Protect Your Business from Email Compromise Scams
Business email compromise (BEC) scams are on the rise, and they can be incredibly damaging to your business. While phishing is a well-known cyber threat, BEC takes it a step further. Cyber criminals use phishing techniques to steal sensitive information, such as login and financial details, and then use that information to impersonate you, your staff, or your business itself.
BEC scams often involve criminals posing as trusted entities, like large corporations or business partners, to access confidential details and carry out fraudulent activities. In this article, we’ll explain how to spot these scams and what steps to take to protect your business.
How Cyber Criminals Are Tricking Businesses
In BEC scams, criminals often impersonate business owners or staff members to send fake invoices, supplier requests, or other fraudulent communications. They may even use your company’s logos, email signatures, or even hack into your email account to commit their crimes. Since these scams are so convincing, they can easily trick employees or customers into revealing sensitive information or making fraudulent payments.
What to Do If You’ve Been Targeted
If you suspect that your business has been compromised by a BEC scam, it’s essential to act quickly:
- Report the Incident: If your email account has been hacked, report the issue to ReportCyber.
- Notify Your Staff and Clients: Inform your team and clients about the breach so they can stay vigilant for any suspicious emails or requests from your account.
- Alert Your Email Provider: Notify your email provider about the breach to help prevent further damage.
- Contact Your Bank: If you’ve made a payment to a fraudulent account, contact your bank or financial institution immediately to report the scam.
Securing Your Accounts
Once your email account is compromised, follow these steps to secure it:
- Run Security Software: Your email provider may recommend running anti-virus and anti-malware software to check your devices for malicious activity.
- Change Your Password: Choose a strong, unique password and enable multi-factor authentication to add an extra layer of security to your account.
Using Secure Payment Methods
BEC scams targeting payments cost Australian businesses a significant amount. In 2021 alone, these scams were estimated to have cost $227 million, according to the ACCC. One way to protect your business is by using PayID, a free payment system that helps reduce the risk of scammers intercepting your invoices and altering payment details.
PayID allows payments to be made using a mobile number or email address, rather than a BSB and account number. Before confirming the payment, a confirmation screen will show the intended PayID name, making it harder for scammers to go unnoticed.
Educate Your Team
It’s essential to educate your employees about the signs of BEC scams. Make sure they are on the lookout for:
- Sudden changes to bank account details in invoices
- Urgent payment requests or threats
- Unusual payment requests or messages from internal team members (whose accounts may have been compromised)
- Emails that seem suspicious or unprofessional
Stay Vigilant for Suspicious Communications
If you receive any suspicious messages, it’s important not to act immediately.

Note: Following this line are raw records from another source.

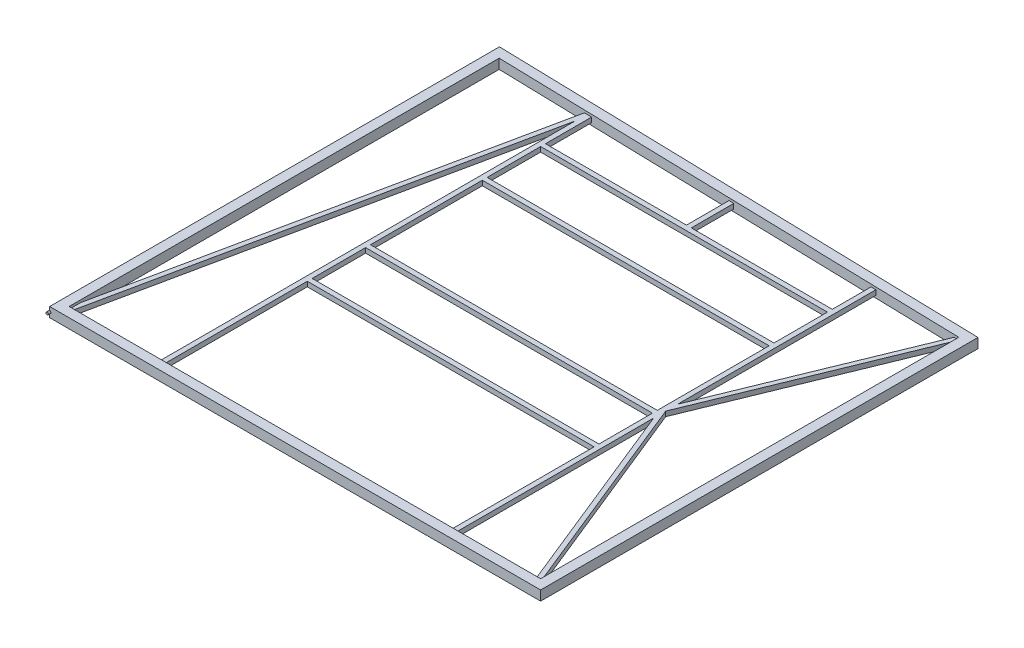
from build123d import *

# Parameters (mm, degrees)
SKETCH2_W           = 50.8
SKETCH2_H           = 50.8
SKETCH2_W_2         = 44.45
SKETCH2_H_2         = 44.45
BOSS_EXTRUDE2_REACH = 2301.35
SKETCH4_W           = 25.4
SKETCH4_H           = 25.4
SKETCH4_W_2         = 19.05
SKETCH4_H_2         = 19.05
SKETCH5_W           = 25.4
SKETCH5_H           = 25.4
SKETCH5_W_2         = 19.05
SKETCH5_H_2         = 19.05
BOSS_EXTRUDE3_DEPTH = 1498.6
SKETCH6_W           = 25.4
SKETCH6_H           = 25.4
BOSS_EXTRUDE4_REACH = 307.45
SKETCH8_W           = 25.4
SKETCH8_H           = 25.4
SKETCH8_W_2         = 19.05
SKETCH8_H_2         = 19.05
SKETCH9_W           = 25.4
SKETCH9_H           = 25.4
SKETCH9_W_2         = 19.05
SKETCH9_H_2         = 19.05
SKETCH11_R          = 6.35
BOSS_EXTRUDE5_DEPTH = 12.7
SKETCH13_R          = 6.35
BOSS_EXTRUDE6_DEPTH = 15.875


with BuildPart() as part:
    # Sweep1: sweep along a path in Sketch1
    with BuildLine(Plane(origin=(0, 0, 0), x_dir=(1, 0, 0), z_dir=(0, 1, 0))) as sweep1_path:
        Line((0, 2298.7), (0, 0))
        Line((0, 0), (2514.6, 0))
        Line((2514.6, 0), (2514.6, 2235.2))
        Line((2514.6, 2235.2), (0, 2298.7))
    # Sketch2 → Sweep1 (sweep)
    with BuildSketch(Plane.XY.offset(-1016)):
        Rectangle(SKETCH2_W, SKETCH2_H)
        Rectangle(SKETCH2_W_2, SKETCH2_H_2, mode=Mode.SUBTRACT)
    sweep(path=sweep1_path.line, transition=Transition.RIGHT)

    # Boss-Extrude2: up to this face of the body (flat: up to its plane)
    boss_extrude2_end = Plane(part.part.faces().sort_by_distance((1257.3, 0, -2241.541902627))[0])
    # Sketch4 → Boss-Extrude2 (add, up to the picked face)
    with BuildSketch(Plane(origin=(0, 0, -25.4), x_dir=(-1, 0, 0), z_dir=(0, 0, -1)), mode=Mode.PRIVATE) as boss_extrude2_sk1:
        with Locations((-2032, 0)):
            Rectangle(SKETCH4_W, SKETCH4_H)
        with Locations((-2032, 0)):
            Rectangle(SKETCH4_W_2, SKETCH4_H_2, mode=Mode.SUBTRACT)
    boss_extrude2_tool1 = split(extrude(boss_extrude2_sk1.sketch, amount=BOSS_EXTRUDE2_REACH, mode=Mode.PRIVATE), bisect_by=boss_extrude2_end, keep=Keep.BOTH, mode=Mode.PRIVATE)
    add(boss_extrude2_tool1.solids().sort_by_distance((2032, -12.34079, -25.4))[0])
    # Sketch4 → Boss-Extrude2 (add, up to the picked face)
    with BuildSketch(Plane(origin=(0, 0, -25.4), x_dir=(-1, 0, 0), z_dir=(0, 0, -1)), mode=Mode.PRIVATE) as boss_extrude2_sk2:
        with Locations((-508, 0)):
            Rectangle(SKETCH4_W, SKETCH4_H)
        with Locations((-508, 0)):
            Rectangle(SKETCH4_W_2, SKETCH4_H_2, mode=Mode.SUBTRACT)
    boss_extrude2_tool2 = split(extrude(boss_extrude2_sk2.sketch, amount=BOSS_EXTRUDE2_REACH, mode=Mode.PRIVATE), bisect_by=boss_extrude2_end, keep=Keep.BOTH, mode=Mode.PRIVATE)
    add(boss_extrude2_tool2.solids().sort_by_distance((495.65921, 0, -25.4))[0])

    # Sketch5 → Boss-Extrude3 (add)
    with BuildSketch(Plane(origin=(520.7, 0, 0), x_dir=(0, 0, -1), z_dir=(1, 0, 0))):
        with Locations((787.4, 0)):
            Rectangle(SKETCH5_W, SKETCH5_H)
        with Locations((787.4, 0)):
            Rectangle(SKETCH5_W_2, SKETCH5_H_2, mode=Mode.SUBTRACT)
        with Locations((1092.2, 0)):
            Rectangle(SKETCH5_W, SKETCH5_H)
        with Locations((1092.2, 0)):
            Rectangle(SKETCH5_W_2, SKETCH5_H_2, mode=Mode.SUBTRACT)
        with Locations((1701.8, 0)):
            Rectangle(SKETCH5_W, SKETCH5_H)
        with Locations((1701.8, 0)):
            Rectangle(SKETCH5_W_2, SKETCH5_H_2, mode=Mode.SUBTRACT)
        with Locations((2006.6, 0)):
            Rectangle(SKETCH5_W, SKETCH5_H)
        with Locations((2006.6, 0)):
            Rectangle(SKETCH5_W_2, SKETCH5_H_2, mode=Mode.SUBTRACT)
    extrude(amount=BOSS_EXTRUDE3_DEPTH)

    # Sweep2: sweep along a path in Sketch7
    with BuildLine(Plane(origin=(0, 25.4, 0), x_dir=(1, 0, 0), z_dir=(0, 1, 0))) as sweep2_path:
        Line((25.4, 25.4), (495.3, 2260.78432687))
    # Sketch6 → Sweep2 (sweep)
    with BuildSketch(Plane(origin=(0, 0, -25.4), x_dir=(-1, 0, 0), z_dir=(0, 0, -1))):
        with Locations((-25.4, 0)):
            Rectangle(SKETCH6_W, SKETCH6_H)
    sweep(path=sweep2_path.line)

    # Boss-Extrude4: up to this face of the body (flat: up to its plane)
    boss_extrude4_end = Plane(part.part.faces().sort_by_distance((1257.167708333, 0, -2241.545243326))[0])
    # Sketch8 → Boss-Extrude4 (add, up to the picked face)
    with BuildSketch(Plane(origin=(0, 0, -2019.3), x_dir=(-1, 0, 0), z_dir=(0, 0, -1)), mode=Mode.PRIVATE) as boss_extrude4_sk1:
        with Locations((-1270, 0)):
            Rectangle(SKETCH8_W, SKETCH8_H)
        with Locations((-1270, 0)):
            Rectangle(SKETCH8_W_2, SKETCH8_H_2, mode=Mode.SUBTRACT)
    boss_extrude4_tool1 = split(extrude(boss_extrude4_sk1.sketch, amount=BOSS_EXTRUDE4_REACH, mode=Mode.PRIVATE), bisect_by=boss_extrude4_end, keep=Keep.BOTH, mode=Mode.PRIVATE)
    add(boss_extrude4_tool1.solids().sort_by_distance((1270, -12.34079, -2019.3))[0])

    # Sweep4: sweep along a path in Sketch10
    with BuildLine(Plane(origin=(0, 25.4, 0), x_dir=(1, 0, 0), z_dir=(0, 1, 0))) as sweep4_path:
        Line((2489.2, 25.4), (2044.7, 1123.529032122))
        Line((2044.7, 1123.529032122), (2489.2, 2210.433316769))
    # Sketch9 → Sweep4 (sweep)
    with BuildSketch(Plane(origin=(0, 0, -25.4), x_dir=(-1, 0, 0), z_dir=(0, 0, -1))):
        with Locations((-2476.5, 0)):
            Rectangle(SKETCH9_W, SKETCH9_H)
        with Locations((-2476.5, 0)):
            Rectangle(SKETCH9_W_2, SKETCH9_H_2, mode=Mode.SUBTRACT)
    sweep(path=sweep4_path.line, transition=Transition.RIGHT)

    # Sketch11 → Boss-Extrude5 (add, symmetric)
    with BuildSketch(Plane.XY.offset(25.4)):
        with Locations((-25.4, 0)):
            Circle(SKETCH11_R)
    extrude(amount=BOSS_EXTRUDE5_DEPTH, both=True)

    # Sketch13 → Boss-Extrude6 (add, symmetric)
    with BuildSketch(Plane.XY.offset(-2324.749511514)):
        with Locations((-25.4, 0)):
            Circle(SKETCH13_R)
    extrude(amount=BOSS_EXTRUDE6_DEPTH, both=True)


solid = part.part

Contact the sender directly using verified contact details, such as those on their official website or business card. If you receive an invoice with altered payment details, call your supplier using their official phone number to confirm the change. They may have been targeted by hackers, and their account details could have been altered before sending the invoice to you.
Conclusion
BEC scams are a serious threat to businesses, but by staying vigilant, educating your team, and using secure payment methods, you can protect your business from these types of cyber attacks. The key is to take swift action if you suspect a compromise and to implement robust security measures to prevent future incidents.